# Chuck Norris has arrived



## jaystekan (Nov 19, 2015)

I know, silly name, but my kids insisted. Anyway, here is a pic of him his first day in his new backyard.


----------



## cdwoodcox (Jul 4, 2015)

He looks just like chuck. Serious, all business.


----------



## LuckyMe2G (Nov 19, 2015)

Adorable, and I love the name!


----------



## counter (Feb 20, 2009)

You asked for it!



> Chuck Norris can cut a knife with butter.


----------



## DutchKarin (Nov 23, 2013)

Very cool name!


----------



## jaystekan (Nov 19, 2015)

counter said:


> You asked for it!


Hahaha, My 8 & 13 yr old boys haven't stop with those Chuck Norris facts since the little guy joined the family. 

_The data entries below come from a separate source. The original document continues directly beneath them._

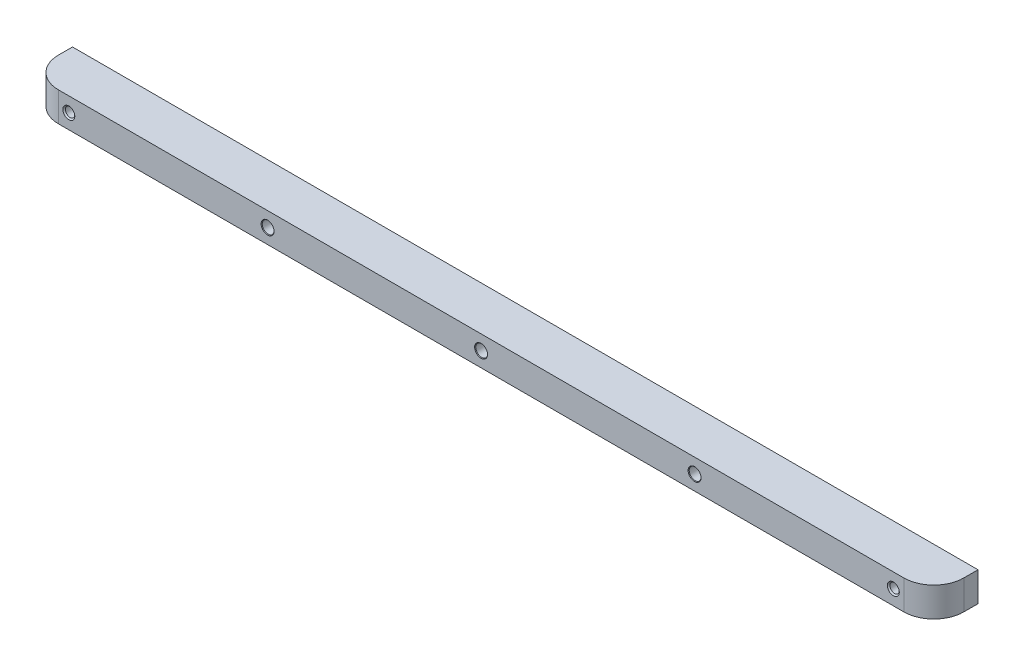
ISO-10303-21;
HEADER;
FILE_DESCRIPTION(('STEP AP214'),'2;1');
FILE_NAME('part.step','',(''),(''),'','','');
FILE_SCHEMA(('AUTOMOTIVE_DESIGN { 1 0 10303 214 1 1 1 1 }'));
ENDSEC;
DATA;
#1=APPLICATION_CONTEXT('core data for automotive mechanical design processes');
#2=APPLICATION_PROTOCOL_DEFINITION('international standard','automotive_design',2000,#1);
#3=PRODUCT_CONTEXT('',#1,'mechanical');
#4=PRODUCT('Part','Part','',(#3));
#5=PRODUCT_RELATED_PRODUCT_CATEGORY('part','',(#4));
#6=PRODUCT_DEFINITION_FORMATION('','',#4);
#7=PRODUCT_DEFINITION_CONTEXT('part definition',#1,'design');
#8=PRODUCT_DEFINITION('design','',#6,#7);
#9=PRODUCT_DEFINITION_SHAPE('','',#8);
#10=(LENGTH_UNIT() NAMED_UNIT(*) SI_UNIT(.MILLI.,.METRE.));
#11=(NAMED_UNIT(*) PLANE_ANGLE_UNIT() SI_UNIT($,.RADIAN.));
#12=(NAMED_UNIT(*) SI_UNIT($,.STERADIAN.) SOLID_ANGLE_UNIT());
#13=UNCERTAINTY_MEASURE_WITH_UNIT(LENGTH_MEASURE(1.E-05),#10,'distance_accuracy_value','');
#14=(GEOMETRIC_REPRESENTATION_CONTEXT(3) GLOBAL_UNCERTAINTY_ASSIGNED_CONTEXT((#13)) GLOBAL_UNIT_ASSIGNED_CONTEXT((#10,
#11,#12)) REPRESENTATION_CONTEXT('',''));
#15=CARTESIAN_POINT('',(0.,0.,0.));
#16=DIRECTION('',(0.,0.,1.));
#17=DIRECTION('',(1.,0.,0.));
#18=AXIS2_PLACEMENT_3D('',#15,#16,#17);
#19=CARTESIAN_POINT('',(-195.2625,6.35,-19.05));
#20=DIRECTION('',(1.,0.,0.));
#21=DIRECTION('',(0.,0.,-1.));
#22=AXIS2_PLACEMENT_3D('',#19,#20,#21);
#23=PLANE('',#22);
#24=DIRECTION('',(0.,0.,1.));
#25=VECTOR('',#24,1.);
#26=CARTESIAN_POINT('',(-195.2625,-6.35,-19.05));
#27=LINE('',#26,#25);
#28=CARTESIAN_POINT('',(-195.2625,-6.35,-19.05));
#29=VERTEX_POINT('',#28);
#30=CARTESIAN_POINT('',(-195.2625,-6.35,-12.954));
#31=VERTEX_POINT('',#30);
#32=EDGE_CURVE('E135',#29,#31,#27,.T.);
#33=ORIENTED_EDGE('',*,*,#32,.T.);
#34=DIRECTION('',(0.,-1.,0.));
#35=VECTOR('',#34,1.);
#36=CARTESIAN_POINT('',(-195.2625,6.35,-12.954));
#37=LINE('',#36,#35);
#38=CARTESIAN_POINT('',(-195.2625,6.35,-12.954));
#39=VERTEX_POINT('',#38);
#40=EDGE_CURVE('E62',#31,#39,#37,.F.);
#41=ORIENTED_EDGE('',*,*,#40,.T.);
#42=DIRECTION('',(0.,0.,1.));
#43=VECTOR('',#42,1.);
#44=CARTESIAN_POINT('',(-195.2625,6.35,-19.05));
#45=LINE('',#44,#43);
#46=CARTESIAN_POINT('',(-195.2625,6.35,-19.05));
#47=VERTEX_POINT('',#46);
#48=EDGE_CURVE('E174',#47,#39,#45,.T.);
#49=ORIENTED_EDGE('',*,*,#48,.F.);
#50=DIRECTION('',(0.,-1.,0.));
#51=VECTOR('',#50,1.);
#52=CARTESIAN_POINT('',(-195.2625,6.35,-19.05));
#53=LINE('',#52,#51);
#54=EDGE_CURVE('E127',#47,#29,#53,.T.);
#55=ORIENTED_EDGE('',*,*,#54,.T.);
#56=EDGE_LOOP('',(#33,#41,#49,#55));
#57=FACE_BOUND('',#56,.T.);
#58=ADVANCED_FACE('F47',(#57),#23,.F.);
#59=CARTESIAN_POINT('',(-195.2625,6.35,0.));
#60=DIRECTION('',(0.,0.,-1.));
#61=DIRECTION('',(-1.,0.,0.));
#62=AXIS2_PLACEMENT_3D('',#59,#60,#61);
#63=PLANE('',#62);
#64=CARTESIAN_POINT('',(177.8,0.,0.));
#65=DIRECTION('',(0.,0.,-1.));
#66=DIRECTION('',(-1.,0.,0.));
#67=AXIS2_PLACEMENT_3D('',#64,#65,#66);
#68=CIRCLE('',#67,2.57810000000003);
#69=CARTESIAN_POINT('',(175.2219,0.,0.));
#70=VERTEX_POINT('',#69);
#71=EDGE_CURVE('E203',#70,#70,#68,.T.);
#72=ORIENTED_EDGE('',*,*,#71,.T.);
#73=EDGE_LOOP('',(#72));
#74=FACE_BOUND('',#73,.T.);
#75=CARTESIAN_POINT('',(-177.8,0.,0.));
#76=DIRECTION('',(0.,0.,-1.));
#77=DIRECTION('',(-1.,0.,0.));
#78=AXIS2_PLACEMENT_3D('',#75,#76,#77);
#79=CIRCLE('',#78,2.57810000000003);
#80=CARTESIAN_POINT('',(-180.3781,0.,0.));
#81=VERTEX_POINT('',#80);
#82=EDGE_CURVE('E199',#81,#81,#79,.T.);
#83=ORIENTED_EDGE('',*,*,#82,.T.);
#84=EDGE_LOOP('',(#83));
#85=FACE_BOUND('',#84,.T.);
#86=CARTESIAN_POINT('',(92.075,0.,0.));
#87=DIRECTION('',(0.,0.,-1.));
#88=DIRECTION('',(-1.,0.,0.));
#89=AXIS2_PLACEMENT_3D('',#86,#87,#88);
#90=CIRCLE('',#89,2.79399999999999);
#91=CARTESIAN_POINT('',(89.281,0.,0.));
#92=VERTEX_POINT('',#91);
#93=EDGE_CURVE('E612',#92,#92,#90,.T.);
#94=ORIENTED_EDGE('',*,*,#93,.T.);
#95=EDGE_LOOP('',(#94));
#96=FACE_BOUND('',#95,.T.);
#97=CARTESIAN_POINT('',(0.,0.,0.));
#98=DIRECTION('',(0.,0.,-1.));
#99=DIRECTION('',(-1.,0.,0.));
#100=AXIS2_PLACEMENT_3D('',#97,#98,#99);
#101=CIRCLE('',#100,2.794);
#102=CARTESIAN_POINT('',(-2.794,0.,0.));
#103=VERTEX_POINT('',#102);
#104=EDGE_CURVE('E597',#103,#103,#101,.T.);
#105=ORIENTED_EDGE('',*,*,#104,.T.);
#106=EDGE_LOOP('',(#105));
#107=FACE_BOUND('',#106,.T.);
#108=CARTESIAN_POINT('',(-92.075,0.,0.));
#109=DIRECTION('',(0.,0.,-1.));
#110=DIRECTION('',(-1.,0.,0.));
#111=AXIS2_PLACEMENT_3D('',#108,#109,#110);
#112=CIRCLE('',#111,2.79399999999999);
#113=CARTESIAN_POINT('',(-94.869,0.,0.));
#114=VERTEX_POINT('',#113);
#115=EDGE_CURVE('E211',#114,#114,#112,.T.);
#116=ORIENTED_EDGE('',*,*,#115,.T.);
#117=EDGE_LOOP('',(#116));
#118=FACE_BOUND('',#117,.T.);
#119=DIRECTION('',(1.,0.,0.));
#120=VECTOR('',#119,1.);
#121=CARTESIAN_POINT('',(-195.2625,-6.35,0.));
#122=LINE('',#121,#120);
#123=CARTESIAN_POINT('',(-182.3085,-6.35,0.));
#124=VERTEX_POINT('',#123);
#125=CARTESIAN_POINT('',(182.3085,-6.35,0.));
#126=VERTEX_POINT('',#125);
#127=EDGE_CURVE('E139',#124,#126,#122,.T.);
#128=ORIENTED_EDGE('',*,*,#127,.T.);
#129=DIRECTION('',(0.,-1.,0.));
#130=VECTOR('',#129,1.);
#131=CARTESIAN_POINT('',(182.3085,6.35,0.));
#132=LINE('',#131,#130);
#133=CARTESIAN_POINT('',(182.3085,6.35,0.));
#134=VERTEX_POINT('',#133);
#135=EDGE_CURVE('E70',#126,#134,#132,.F.);
#136=ORIENTED_EDGE('',*,*,#135,.T.);
#137=DIRECTION('',(1.,0.,0.));
#138=VECTOR('',#137,1.);
#139=CARTESIAN_POINT('',(-195.2625,6.35,0.));
#140=LINE('',#139,#138);
#141=CARTESIAN_POINT('',(-182.3085,6.35,0.));
#142=VERTEX_POINT('',#141);
#143=EDGE_CURVE('E117',#142,#134,#140,.T.);
#144=ORIENTED_EDGE('',*,*,#143,.F.);
#145=DIRECTION('',(0.,-1.,0.));
#146=VECTOR('',#145,1.);
#147=CARTESIAN_POINT('',(-182.3085,6.35,0.));
#148=LINE('',#147,#146);
#149=EDGE_CURVE('E346',#142,#124,#148,.T.);
#150=ORIENTED_EDGE('',*,*,#149,.T.);
#151=EDGE_LOOP('',(#128,#136,#144,#150));
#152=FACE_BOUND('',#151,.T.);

When we put him to bed last night my 8 yr old proudly declared......We don't make Chuck Norris stay in his crate, he makes us stay outside his crate. 

I am not sure I can take the next 12 or so years with him having that name, and I am sure not looking forward to the first time calling him out loud at the dog park.


----------



## counter (Feb 20, 2009)

jaystekan said:


> Hahaha, My 8 & 13 yr old boys haven't stop with those Chuck Norris facts since the little guy joined the family.
> 
> 
> When we put him to bed last night my 8 yr old proudly declared......We don't make Chuck Norris stay in his crate, he makes us stay outside his crate.
> ...


 You can always give him a loving nickname, like Chucky, after the cute little doll from those famous movies:










No one would know he's named after the most powerful human ever known (who also happens to be ex-US Air Force Security Forces [cop]). Go Air Force!

I think the Mods and Admins should make it a sticky/requirement that anyone who replies to you has to insert a Chuck Norris joke or meme from here on out. I'll begin this charade (to brighten everyone's day of course)!










OK, I was only kidding. Ha!


----------



## Jenny720 (Nov 21, 2014)

He is something else. My son said he is the cutest pup he has ever seen!


----------



## MythicMut (May 22, 2015)

He is a darling pup!


----------



## RZZNSTR (Jan 24, 2015)

Very cute!


----------



## jaystekan (Nov 19, 2015)

Thanks everyone. Mr. Norris is adjusting nicely and loving playing with the kids.


----------



## T-Bone'sMamma (Mar 3, 2012)

What a handsome little guy! I think it's nice you let the kids name him, and it's an awesome name.


----------



## kelbonc (Aug 25, 2014)

Adorable!!


----------



## Daisy&Lucky's Mom (Apr 24, 2011)

Mr. Norris is a very handsome puppy. Remember at the dog park just call him Chuck.


----------



## Castlemaid (Jun 29, 2006)

> When we put him to bed last night my 8 yr old proudly declared......We don't make Chuck Norris stay in his crate, he makes us stay outside his crate.


That's pretty smart for an 8 year old! 

Cute little guy you got there, glad to hear he is settling in nicely.


----------



## counter (Feb 20, 2009)




----------



## clocke (Oct 17, 2015)

Just adorable!


----------